Seriously, Steph made me very upset with him shooting jumper after jumper acting like Starks (Game 7) of the 1994 Finals. Come on man...if you're off be easy and take a back seat and fed the ball into Curry. Damn.....


----------



## BIGsHOTBOY12345 (Aug 24, 2005)

Freethrows missed by Curry hurt us once again,if we got them down, we definately might have had a chance, but robinson's effort and perseverance suprised me!!!!! he had a few steals, and tried really hard defensively against Cassell, we need to get help offensivelu, and i think ur D is just fine, i mean, we are allowing less than 93 points a game!! We should have played butler, and where was ariza all game!?!?!


----------



## knicksfan89 (Jan 6, 2005)

we've lost every game in the staples center against the clippers after winning our last 5 at the old sports arena. also we shot an abysmal 7 FOR 34 IN THE SECOND HALF


----------



## azswami (Mar 26, 2003)

WTH?? is up with not playing Channing???
He leads the team in FG%, and was 3/4 tonight.

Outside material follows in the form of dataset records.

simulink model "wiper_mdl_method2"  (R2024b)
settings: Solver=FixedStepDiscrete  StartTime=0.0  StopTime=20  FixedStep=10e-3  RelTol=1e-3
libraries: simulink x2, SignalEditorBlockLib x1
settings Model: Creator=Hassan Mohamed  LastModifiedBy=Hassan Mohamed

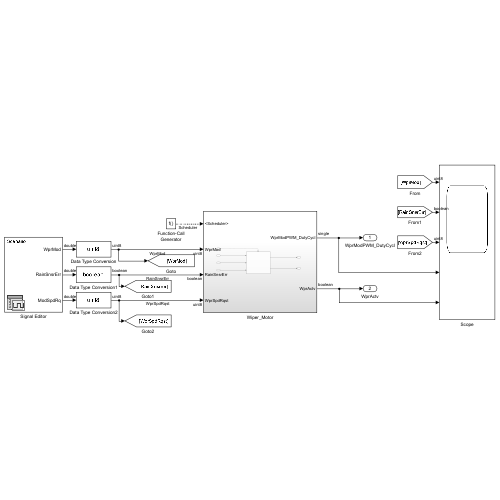
[thumbnail: Simulink's stored preview of the top-level diagram]
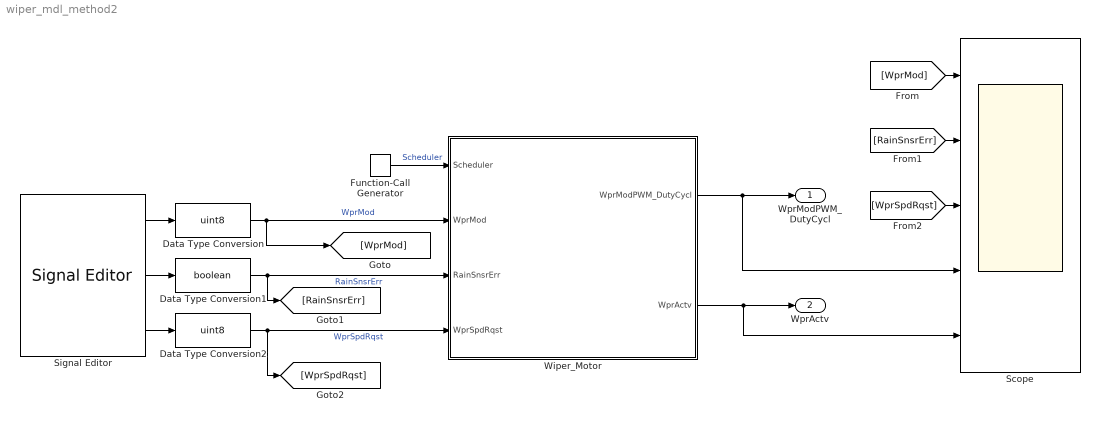
== system wiper_mdl_method2 ==
  Data Type Conversion : DataTypeConversion  OutMin=0  OutMax=3  OutDataTypeStr=uint8  SaturateOnIntegerOverflow=off  RndMeth=Floor
  Data Type Conversion1 : DataTypeConversion  OutDataTypeStr=boolean  SaturateOnIntegerOverflow=off  RndMeth=Floor
  Data Type Conversion2 : DataTypeConversion  OutDataTypeStr=uint8  SaturateOnIntegerOverflow=off  RndMeth=Floor
  Function-Call Generator : simulink/Ports & Subsystems/Function-Call Generator  sample_time=1  numberOfIterations=1  DisallowWideOutput=off
  Scope : Scope  NumInputPorts=5
  Signal Editor : SignalEditorBlockLib/Signal Editor  FileName=senario_2.mat  ActiveScenario=Scenario  ActiveSignal=WprMod  IsBus=off  OutputBusObjectStr=Bus: BusObject  SampleTime=0  Interpolate=off  ZeroCross=off  OutputAfterFinalValue=Setting to zero  Unit=inherit  PreserveSignalName=on  ApplySigPropsToAllScenarios=on  ApplySigPropsToAllSignals=on
  Wiper_Motor : Subsystem
  WprModPWM_DutyCycl : Outport
  WprActv : Outport  Port=2
  wires:
  Wiper_Motor/1(WprModPWM_DutyCycl) -> WprModPWM_DutyCycl/1, Scope/4
  Signal Editor/3 -> Data Type Conversion2/1
  Signal Editor/2 -> Data Type Conversion1/1
  Signal Editor/1 -> Data Type Conversion/1
  Wiper_Motor/2(WprActv) -> WprActv/1, Scope/5
  Function-Call Generator/1 -> Wiper_Motor/1(Scheduler)  "Scheduler"
  [RainSnsrErr] -> Scope/2
  [WprMod] -> Scope/1
  [WprSpdRqst] -> Scope/3
  Data Type Conversion/1 -> Wiper_Motor/2(WprMod), [WprMod]  "WprMod"
  Data Type Conversion1/1 -> Wiper_Motor/3(RainSnsrErr), [RainSnsrErr]  "RainSnsrErr"
  Data Type Conversion2/1 -> [WprSpdRqst], Wiper_Motor/4(WprSpdRqst)  "WprSpdRqst"

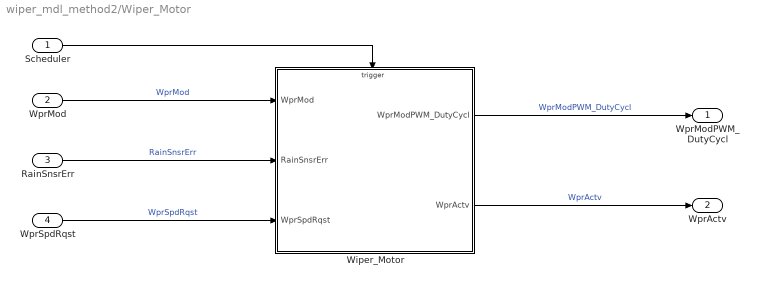
== system wiper_mdl_method2/Wiper_Motor ==
  Scheduler : Inport
  WprMod : Inport  Port=2  OutMin=0  OutMax=3  OutDataTypeStr=uint8
  RainSnsrErr : Inport  Port=3  OutMin=0  OutMax=1  OutDataTypeStr=boolean
  WprSpdRqst : Inport  Port=4  OutMin=0  OutMax=7  OutDataTypeStr=uint8
  Wiper_Motor : Subsystem  TreatAsAtomicUnit=on
  WprModPWM_DutyCycl : Outport
  WprActv : Outport  Port=2
  wires:
  Scheduler/1 -> Wiper_Motor/Trigger
  WprMod/1 -> Wiper_Motor/1(WprMod)  "WprMod"
  RainSnsrErr/1 -> Wiper_Motor/2(RainSnsrErr)  "RainSnsrErr"
  WprSpdRqst/1 -> Wiper_Motor/3(WprSpdRqst)  "WprSpdRqst"
  Wiper_Motor/1(WprModPWM_DutyCycl) -> WprModPWM_DutyCycl/1  "WprModPWM_DutyCycl"
  Wiper_Motor/2(WprActv) -> WprActv/1  "WprActv"

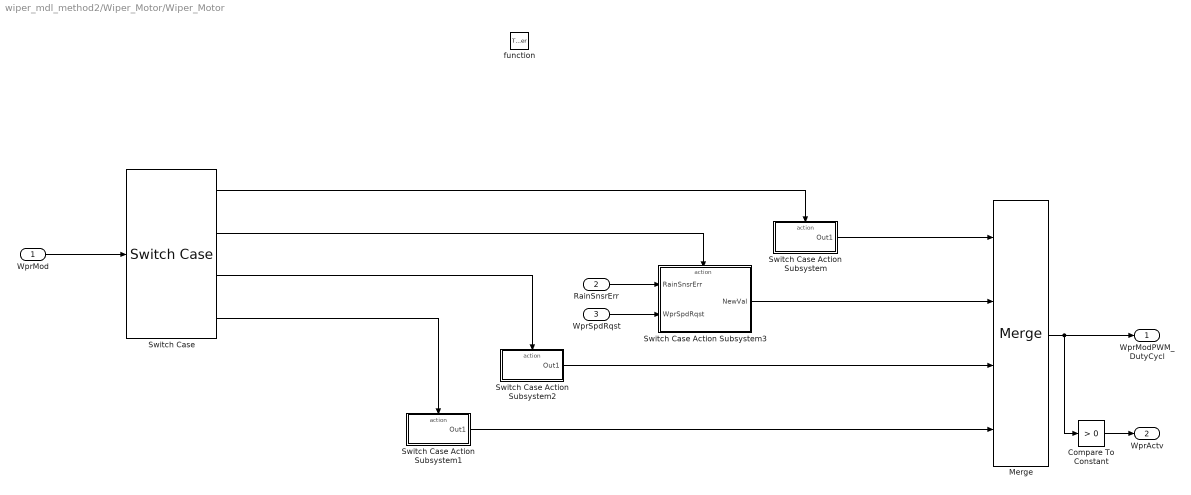
== system wiper_mdl_method2/Wiper_Motor/Wiper_Motor ==
  WprMod : Inport  OutMin=0  OutMax=3  OutDataTypeStr=uint8
  RainSnsrErr : Inport  Port=2  OutMin=0  OutMax=1  OutDataTypeStr=boolean
  WprSpdRqst : Inport  Port=3  OutMin=0  OutMax=7  OutDataTypeStr=uint8
  function : TriggerPort  TriggerType=function-call  VariantControl=(inherit)
  Compare To Constant : simulink/Logic and Bit Operations/Compare To Constant  relop=>  const=0  OutDataTypeStr=boolean
  Merge : Merge  Inputs=4
  Switch Case : SwitchCase  CaseConditions={0,1,2,3}  ShowDefaultCase=off
  Switch Case Action Subsystem : Subsystem  TreatAsAtomicUnit=on
  Switch Case Action Subsystem1 : Subsystem  TreatAsAtomicUnit=on
  Switch Case Action Subsystem2 : Subsystem  TreatAsAtomicUnit=on
  Switch Case Action Subsystem3 : Subsystem  TreatAsAtomicUnit=on
  WprModPWM_DutyCycl : Outport
  WprActv : Outport  Port=2
  wires:
  WprMod/1 -> Switch Case/1
  Switch Case/1 -> Switch Case Action Subsystem/Action
  Switch Case/4 -> Switch Case Action Subsystem1/Action
  Switch Case/3 -> Switch Case Action Subsystem2/Action
  Switch Case/2 -> Switch Case Action Subsystem3/Action
  WprSpdRqst/1 -> Switch Case Action Subsystem3/2(WprSpdRqst)
  RainSnsrErr/1 -> Switch Case Action Subsystem3/1(RainSnsrErr)
  Switch Case Action Subsystem/1(Out1) -> Merge/1
  Switch Case Action Subsystem2/1(Out1) -> Merge/3
  Switch Case Action Subsystem1/1(Out1) -> Merge/4
  Merge/1 -> WprModPWM_DutyCycl/1, Compare To Constant/1
  Compare To Constant/1 -> WprActv/1
  Switch Case Action Subsystem3/1(NewVal) -> Merge/2

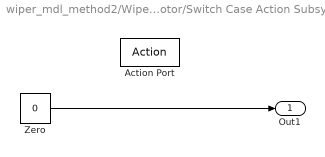
== system wiper_mdl_method2/Wiper_Motor/Wiper_Motor/Switch Case Action Subsystem ==
  Action Port : ActionPort  ActionPortLabel=case [ 0 ]:
  Zero : Constant  Value=0  OutDataTypeStr=Inherit: Inherit via back propagation
  Out1 : Outport
  wires:
  Zero/1 -> Out1/1

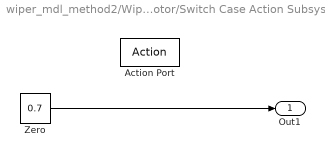
== system wiper_mdl_method2/Wiper_Motor/Wiper_Motor/Switch Case Action Subsystem1 ==
  Action Port : ActionPort  ActionPortLabel=case [ 3 ]:
  Zero : Constant  Value=0.7  OutDataTypeStr=Inherit: Inherit via back propagation
  Out1 : Outport
  wires:
  Zero/1 -> Out1/1

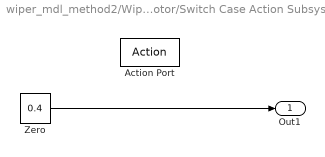
== system wiper_mdl_method2/Wiper_Motor/Wiper_Motor/Switch Case Action Subsystem2 ==
  Action Port : ActionPort  ActionPortLabel=case [ 2 ]:
  Zero : Constant  Value=0.4  OutDataTypeStr=Inherit: Inherit via back propagation
  Out1 : Outport
  wires:
  Zero/1 -> Out1/1

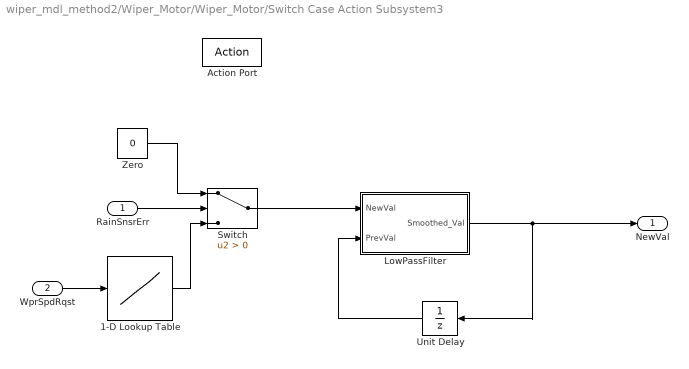
== system wiper_mdl_method2/Wiper_Motor/Wiper_Motor/Switch Case Action Subsystem3 ==
  RainSnsrErr : Inport
  WprSpdRqst : Inport  Port=2
  Action Port : ActionPort  ActionPortLabel=case [ 1 ]:
  1-D Lookup Table : Lookup_n-D  NumberOfTableDimensions=1  BreakpointsForDimension1=[0 1 2 3 4 5 6 7]  Table=[0 0.4 0.45 0.5 0.55 0.6 0.65 0.7]  TableDataTypeStr=single  ExtrapMethod=Clip  InternalRulePriority=Speed  OutDataTypeStr=single  RndMeth=Simplest
  LowPassFilter : Subsystem  TreatAsAtomicUnit=on
  Switch : Switch  Criteria=u2 > Threshold  SaturateOnIntegerOverflow=off  InputSameDT=off
  Unit Delay : UnitDelay  SampleTime=-1  HasFrameUpgradeWarning=on
  Zero : Constant  Value=0  OutDataTypeStr=Inherit: Inherit via back propagation
  NewVal : Outport
  wires:
  RainSnsrErr/1 -> Switch/2
  Zero/1 -> Switch/1
  Switch/1 -> LowPassFilter/1(NewVal)
  WprSpdRqst/1 -> 1-D Lookup Table/1
  1-D Lookup Table/1 -> Switch/3
  LowPassFilter/1(Smoothed_Val) -> NewVal/1, Unit Delay/1
  Unit Delay/1 -> LowPassFilter/2(PrevVal)

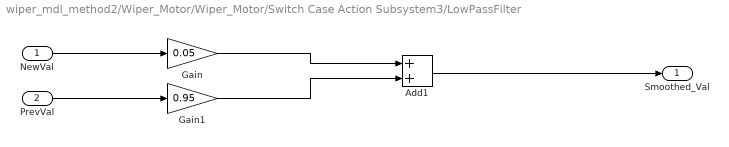
== system wiper_mdl_method2/Wiper_Motor/Wiper_Motor/Switch Case Action Subsystem3/LowPassFilter ==
  NewVal : Inport
  PrevVal : Inport  Port=2
  Add1 : Sum  OutDataTypeStr=single
  Gain : Gain  Gain=0.05
  Gain1 : Gain  Gain=0.95
  Smoothed_Val : Outport
  wires:
  PrevVal/1 -> Gain1/1
  NewVal/1 -> Gain/1
  Gain/1 -> Add1/1
  Gain1/1 -> Add1/2
  Add1/1 -> Smoothed_Val/1

Larry might as well trade him to a team that wants him...


----------



## alphadog (Jan 2, 2004)

*Relax, dude*

Frye would not have had a big game against Brand. He would have had his butt on the bench with fouls. The reason we lost was the guard play. 10-44 ain't gonna get it done anywhere, anytime. Marbury, JC, and Nate all sucked. Marbury did not play like a leader when it counted, and as most of you know, that is one of my biggest complaints. JC was great, huh Penny? Like I said....he can shoot you into a game or out of a game. His shot selection was.... er....a bit on the rancid side. And anyone who blames Curry in any way for this should be not allowed to watch games. The only reason we were even in this game was because of him. I'm sure it wasn't his idea to stop pounding theball inside...the guy was a monster.

Guards lost it.


----------



## The True Essence (May 26, 2003)

jamal didnt have a great scoring night, yet he still took 7 free throws. his shot selection was not bad. he was missing easy 17 foot J's.

marbury sucked


----------



## alphadog (Jan 2, 2004)

*Wrong, my friend...*

His shot selection was not good at all. He took a few shots early in the clock, and several off one on one moves. The more he struggled, the more his judgement faltered. He is what he is......


----------



## Rockets111 (Oct 29, 2005)

*Re: Wrong, my friend...*

hey alphadog if channing frye dropped 21 vs the wallace's in detroit than he can do it against brand, LB just didnt play him.


----------



## BIGsHOTBOY12345 (Aug 24, 2005)

He didnt even play alot yesterday, larry thought he was a mediocre matchup for brand


----------



## alphadog (Jan 2, 2004)

*Listen, Rockets....*

No doubt he can score when on the floor but he is not a great rebounder yet, nor is he a great defender. He would have given up lots of baskets and been in foul trouble on the bench trying tom guard Brand, who was aggressive offensively. The Wallaces were not agressive on the offensive end and therefore there was no defensive matchup or foul problems. It wasn't LB or the frontline my young Jedi friend, it was the guards...all of them.


----------



## Knick49 (Jul 8, 2005)

Brand made his season averages in points (24), rebounds (11) and minutes played (40).

Frye has been averaging 15 points and 5.8 rebounds in 26 minutes. Yesterday in 17 minutes, he got 6 points on 3 for 4 shooting and 6 rebounds.

I understand the idea that the guards cost the Knicks the game but given the numbers do you guys really think it would have been that much worse if Frye had played his normal amount of time?


----------



## Chinatownballer (Oct 13, 2005)

We need a real shooting guard who is ego-less and will take the shots that are given to him and make them consistently. We thought Q would be that guy when we traded for him but so far he hasn't been in it. Crawford is more of a combo guard than a sg and Marbury is also more of a combo guard than a point guard. This could work out if Marbury would just pass the ball when playing the point and shoot at sg and same w/Crawford. I think our players might be able to fill those roles but they also might not. It remains to be seen whether Steph can really play sg against taller defenders and also whether anyone can play pg reliably for us. I hate to use the cliche but we are definately a "work in progress."


----------



## alphadog (Jan 2, 2004)

*Crawford...*

would be GREAT, not good, off the bench. If he has it going, nobody can slow him easily. But if he doesn't, he can sit again. Regardless of Penny's thoughts, the guy is still inconsistent. If you want to see consistent shooting, look at Frye. Same thing every night. JC and Marbury are all over the place....25% one night, 60% the next. How can you have a game plan with that stuff?


----------